5. The dynamic prediction method for heavy metal content according to claim 1, characterized in that: the one research index includes one or more homologous indexes, and the homologous indexes of different research indexes can be the same.

6. The dynamic prediction method of heavy metal content according to claim 1, characterized in that: and carrying out grid division according to the characteristics of a research area, wherein the characteristics of the research area comprise area, farmland type and peripheral ground features.

7. The dynamic prediction method of heavy metal content according to claim 1, characterized in that: the number of the square grids is manually set according to the research requirement.

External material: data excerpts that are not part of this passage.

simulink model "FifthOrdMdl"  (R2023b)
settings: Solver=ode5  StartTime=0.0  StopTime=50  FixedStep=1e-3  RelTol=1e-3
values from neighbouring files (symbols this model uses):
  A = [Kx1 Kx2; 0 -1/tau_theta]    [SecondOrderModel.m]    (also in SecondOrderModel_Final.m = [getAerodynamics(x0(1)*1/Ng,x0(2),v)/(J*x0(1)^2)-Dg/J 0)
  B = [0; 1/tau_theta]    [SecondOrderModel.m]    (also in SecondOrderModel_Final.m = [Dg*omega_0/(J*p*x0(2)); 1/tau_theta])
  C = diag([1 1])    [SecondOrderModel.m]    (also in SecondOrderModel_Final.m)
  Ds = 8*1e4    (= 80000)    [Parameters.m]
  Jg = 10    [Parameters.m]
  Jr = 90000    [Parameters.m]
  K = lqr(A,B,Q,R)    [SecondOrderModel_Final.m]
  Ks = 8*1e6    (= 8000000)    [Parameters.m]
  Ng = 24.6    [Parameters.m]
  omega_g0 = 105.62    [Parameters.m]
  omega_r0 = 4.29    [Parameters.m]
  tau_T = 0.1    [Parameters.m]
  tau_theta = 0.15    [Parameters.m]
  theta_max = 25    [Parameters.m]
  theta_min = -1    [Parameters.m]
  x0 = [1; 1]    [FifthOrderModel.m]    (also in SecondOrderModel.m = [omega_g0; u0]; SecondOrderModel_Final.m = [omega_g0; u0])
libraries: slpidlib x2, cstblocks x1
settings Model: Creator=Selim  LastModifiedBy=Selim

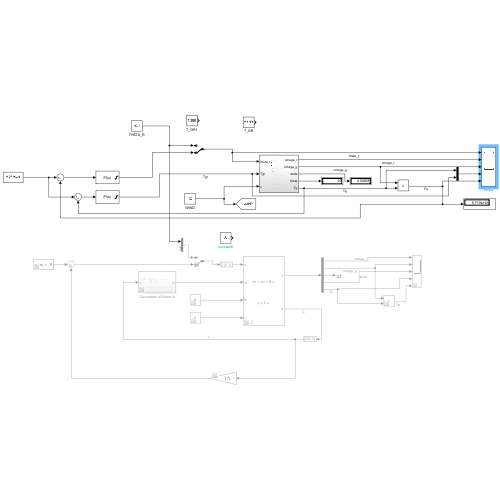
[thumbnail: Simulink's stored preview of the top-level diagram]
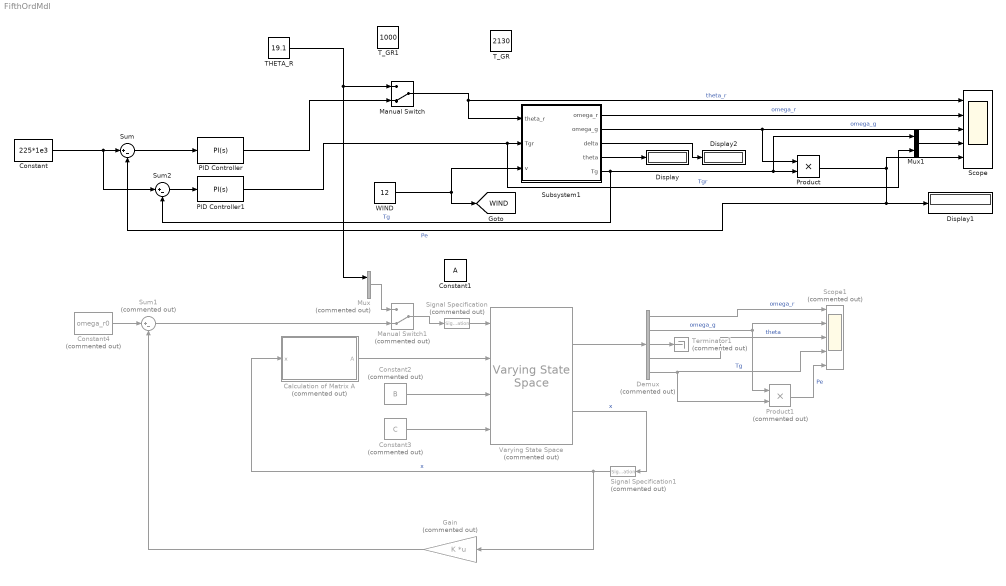
== system FifthOrdMdl ==
  Calculation of Matrix A : Subsystem  Commented=on
  Constant : Constant  Value=225*1e3
  Constant1 : Constant  Value=A
  Constant2 : Constant  Commented=on  Value=B
  Constant3 : Constant  Commented=on  Value=C
  Constant4 : Constant  Commented=on  Value=omega_r0
  Demux : Demux  Commented=on  Outputs=5
  Display : Display
  Display1 : Display
  Display2 : Display
  Gain : Gain  Commented=on  Gain=K  Multiplication=Matrix(K*u)
  Manual Switch : ManualSwitch  CurrentSetting=0
  Manual Switch1 : ManualSwitch  Commented=on  CurrentSetting=0
  Mux : Mux  Commented=on  Inputs=2
  Mux1 : Mux  Inputs=2
  PID Controller : slpidlib/PID Controller  Controller=PI  Form=Parallel  TimeDomain=Continuous-time  UseExternalTs=off  SampleTime=-1  IntegratorMethod=Forward Euler  FilterMethod=Forward Euler  ControllerParametersSource=internal  P=103.063598194959  I=163.792576247662  UseKiTs=off  D=0  N=100  UseFilter=on  TunerSelectOption=Transfer Function Based (PID Tuner App)  InitialConditionSource=internal  InitialConditionForIntegrator=0  InitialConditionForFilter=0  DifferentiatorICPrevScaledInput=0  ExternalReset=none  TrackingMode=off  Kt=1  LimitOutput=on  SatLimitsSource=internal  UpperSaturationLimit=theta_max  LowerSaturationLimit=theta_min  LinearizeAsGain=on  AntiWindupMode=clamping  Kb=1  LimitIntegrator=off  UpperIntegratorSaturationLimit=inf  LowerIntegratorSaturationLimit=-inf  POutMin=[]  POutMax=[]  IOutMin=[]  IOutMax=[]  DOutMin=[]  DOutMax=[]  NOutMin=[]  NOutMax=[]  SumOutMin=[]  SumOutMax=[]  SaturationOutMin=[]  SaturationOutMax=[]  PParamMin=[]  PParamMax=[]  IParamMin=[]  IParamMax=[]  DParamMin=[]  DParamMax=[]  NParamMin=[]  NParamMax=[]  KbParamMin=[]  KbParamMax=[]  KtParamMin=[]  KtParamMax=[]  KbOutMin=[]  KbOutMax=[]  KtOutMin=[]  KtOutMax=[]  IntegratorOutMin=[]  IntegratorOutMax=[]  FilterOutMin=[]  FilterOutMax=[]  SumI1OutMin=[]  SumI1OutMax=[]  SumI2OutMin=[]  SumI2OutMax=[]  SumI3OutMin=[]  SumI3OutMax=[]  SumI4OutMin=[]  SumI4OutMax=[]  SumDOutMin=[]  SumDOutMax=[]  DifferentiatorOutMin=[]  DifferentiatorOutMax=[]  FilterDiffOutCoefMin=[]  FilterDiffOutCoefMax=[]  ReciprocalOutMin=[]  ReciprocalOutMax=[]  SumDenOutMin=[]  SumDenOutMax=[]  SumNumOutMin=[]  SumNumOutMax=[]  DivideOutMin=[]  DivideOutMax=[]  UdiffTsProdOutMin=[]  UdiffTsProdOutMax=[]  NTsProdOutMin=[]  NTsProdOutMax=[]  UintegralTsProdOutMin=[]  UintegralTsProdOutMax=[]  UngainTsProdOutMin=[]  UngainTsProdOutMax=[]  ClampingZeroOutDataTypeStr=Inherit: Inherit via back propagation  ClampingZeroOutMin=[]  ClampingZeroOutMax=[]  FilterDenConstantOutDataTypeStr=Inherit: Inherit via back propagation  FilterDenConstantOutMin=[]  FilterDenConstantOutMax=[]  PCopyOutDataTypeStr=Inherit: Inherit via back propagation  PCopyOutMin=[]  PCopyOutMax=[]  NCopyOutDataTypeStr=Inherit: Inherit via back propagation  NCopyOutMin=[]  NCopyOutMax=[]  IntegratorContinuousStateAttributes=''  IntegratorStateMustResolveToSignalObject=off  IntegratorRTWStateStorageClass=Auto  FilterContinuousStateAttributes=''  FilterStateMustResolveToSignalObject=off  FilterRTWStateStorageClass=Auto  ParallelPVariant=InternalParameters  IdealPVariant=Disabled  IVariant=InternalParameters  DVariant=Disabled  IntegratorVariant=Continuous  SatVariant=Enabled  AWVariant=ContClampingParallel  PCopyVariant=Disabled  TRVariant=Disabled  FdbkBlocksVariant=Forward  IdealPFdbkVariant=Disabled  SatFdbkVariant=Disabled  DerivativeFilterVariant=Disabled  NVariant=Disabled  NCopyVariant=Disabled_SignalSpec  FilterICVariant=Disabled  IntegratorICVariant=InternalICs  ExternalResetVariant=Disabled  TRSumVariant=Passthrough  SumFdbkVariant=Disabled  SumVariant=Sum_PI  TsampFilterVariant=InternalTs  TsampNgainVariant=Passthrough  TsampIntegralVariant=Disabled_SignalSpec  ExternalSaturationOutDataTypeStr=Inherit: Same as second input
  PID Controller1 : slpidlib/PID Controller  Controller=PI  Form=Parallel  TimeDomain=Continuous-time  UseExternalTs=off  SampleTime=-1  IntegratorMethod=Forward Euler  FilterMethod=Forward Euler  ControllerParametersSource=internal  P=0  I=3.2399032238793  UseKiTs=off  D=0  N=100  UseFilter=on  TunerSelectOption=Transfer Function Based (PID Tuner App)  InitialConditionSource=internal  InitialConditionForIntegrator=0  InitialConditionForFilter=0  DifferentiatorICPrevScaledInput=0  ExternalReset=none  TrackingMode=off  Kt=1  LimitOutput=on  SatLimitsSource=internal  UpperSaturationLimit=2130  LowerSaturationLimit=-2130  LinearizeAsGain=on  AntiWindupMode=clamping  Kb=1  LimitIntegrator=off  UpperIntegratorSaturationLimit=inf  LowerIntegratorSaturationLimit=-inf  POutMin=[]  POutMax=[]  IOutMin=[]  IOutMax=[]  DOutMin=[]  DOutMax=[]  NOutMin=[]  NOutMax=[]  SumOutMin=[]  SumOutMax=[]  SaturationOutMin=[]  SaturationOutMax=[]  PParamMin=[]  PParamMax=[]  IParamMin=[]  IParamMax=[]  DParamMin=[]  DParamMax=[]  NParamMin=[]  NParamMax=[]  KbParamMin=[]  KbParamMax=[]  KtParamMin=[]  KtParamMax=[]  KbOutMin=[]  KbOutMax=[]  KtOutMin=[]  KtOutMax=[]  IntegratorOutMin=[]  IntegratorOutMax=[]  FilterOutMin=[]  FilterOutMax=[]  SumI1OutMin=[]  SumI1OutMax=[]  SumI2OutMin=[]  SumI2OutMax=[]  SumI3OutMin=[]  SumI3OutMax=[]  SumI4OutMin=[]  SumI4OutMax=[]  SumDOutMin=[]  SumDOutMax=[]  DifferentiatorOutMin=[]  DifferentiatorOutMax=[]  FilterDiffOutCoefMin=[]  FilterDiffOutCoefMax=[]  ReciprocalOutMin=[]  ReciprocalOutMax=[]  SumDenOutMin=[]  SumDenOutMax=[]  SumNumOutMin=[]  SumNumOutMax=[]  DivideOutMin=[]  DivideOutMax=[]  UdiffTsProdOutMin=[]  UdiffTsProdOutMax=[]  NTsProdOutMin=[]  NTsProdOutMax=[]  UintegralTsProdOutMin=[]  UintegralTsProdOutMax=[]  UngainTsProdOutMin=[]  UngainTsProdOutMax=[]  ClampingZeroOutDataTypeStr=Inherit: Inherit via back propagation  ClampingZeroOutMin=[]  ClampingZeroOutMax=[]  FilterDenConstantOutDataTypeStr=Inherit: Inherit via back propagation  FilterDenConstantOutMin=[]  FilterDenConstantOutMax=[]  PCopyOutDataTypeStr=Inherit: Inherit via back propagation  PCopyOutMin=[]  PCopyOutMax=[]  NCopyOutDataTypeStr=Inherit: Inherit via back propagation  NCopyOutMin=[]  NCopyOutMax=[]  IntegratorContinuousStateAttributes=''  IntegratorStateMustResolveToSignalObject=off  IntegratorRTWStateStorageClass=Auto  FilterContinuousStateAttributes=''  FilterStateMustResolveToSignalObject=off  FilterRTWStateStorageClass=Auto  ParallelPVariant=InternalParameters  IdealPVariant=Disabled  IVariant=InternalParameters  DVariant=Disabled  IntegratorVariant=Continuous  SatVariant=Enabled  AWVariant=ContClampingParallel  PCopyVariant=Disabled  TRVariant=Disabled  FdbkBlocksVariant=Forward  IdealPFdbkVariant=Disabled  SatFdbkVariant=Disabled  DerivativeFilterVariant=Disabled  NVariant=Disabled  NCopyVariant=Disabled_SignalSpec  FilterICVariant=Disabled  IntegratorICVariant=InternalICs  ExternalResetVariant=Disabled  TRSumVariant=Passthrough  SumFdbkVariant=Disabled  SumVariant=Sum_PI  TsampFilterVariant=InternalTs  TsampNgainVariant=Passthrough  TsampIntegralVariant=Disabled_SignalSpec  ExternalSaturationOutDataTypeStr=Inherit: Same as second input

8. The dynamic prediction method of heavy metal content according to claim 1, characterized in that: the clustering includes K-means clustering, mean shift clustering, density-based clustering, maximum expected clustering, and agglomerative hierarchical clustering.

9. The dynamic prediction method of heavy metal content according to claim 1, characterized in that: the spectrum preprocessing step comprises remote sensing noise removal, image correction, spectrum transformation, atmosphere correction and image cutting; the influence correction comprises radiation correction and geometric correction.

10. The dynamic prediction method of heavy metal content according to claim 1, characterized in that: the value range of the R% is 0-200%.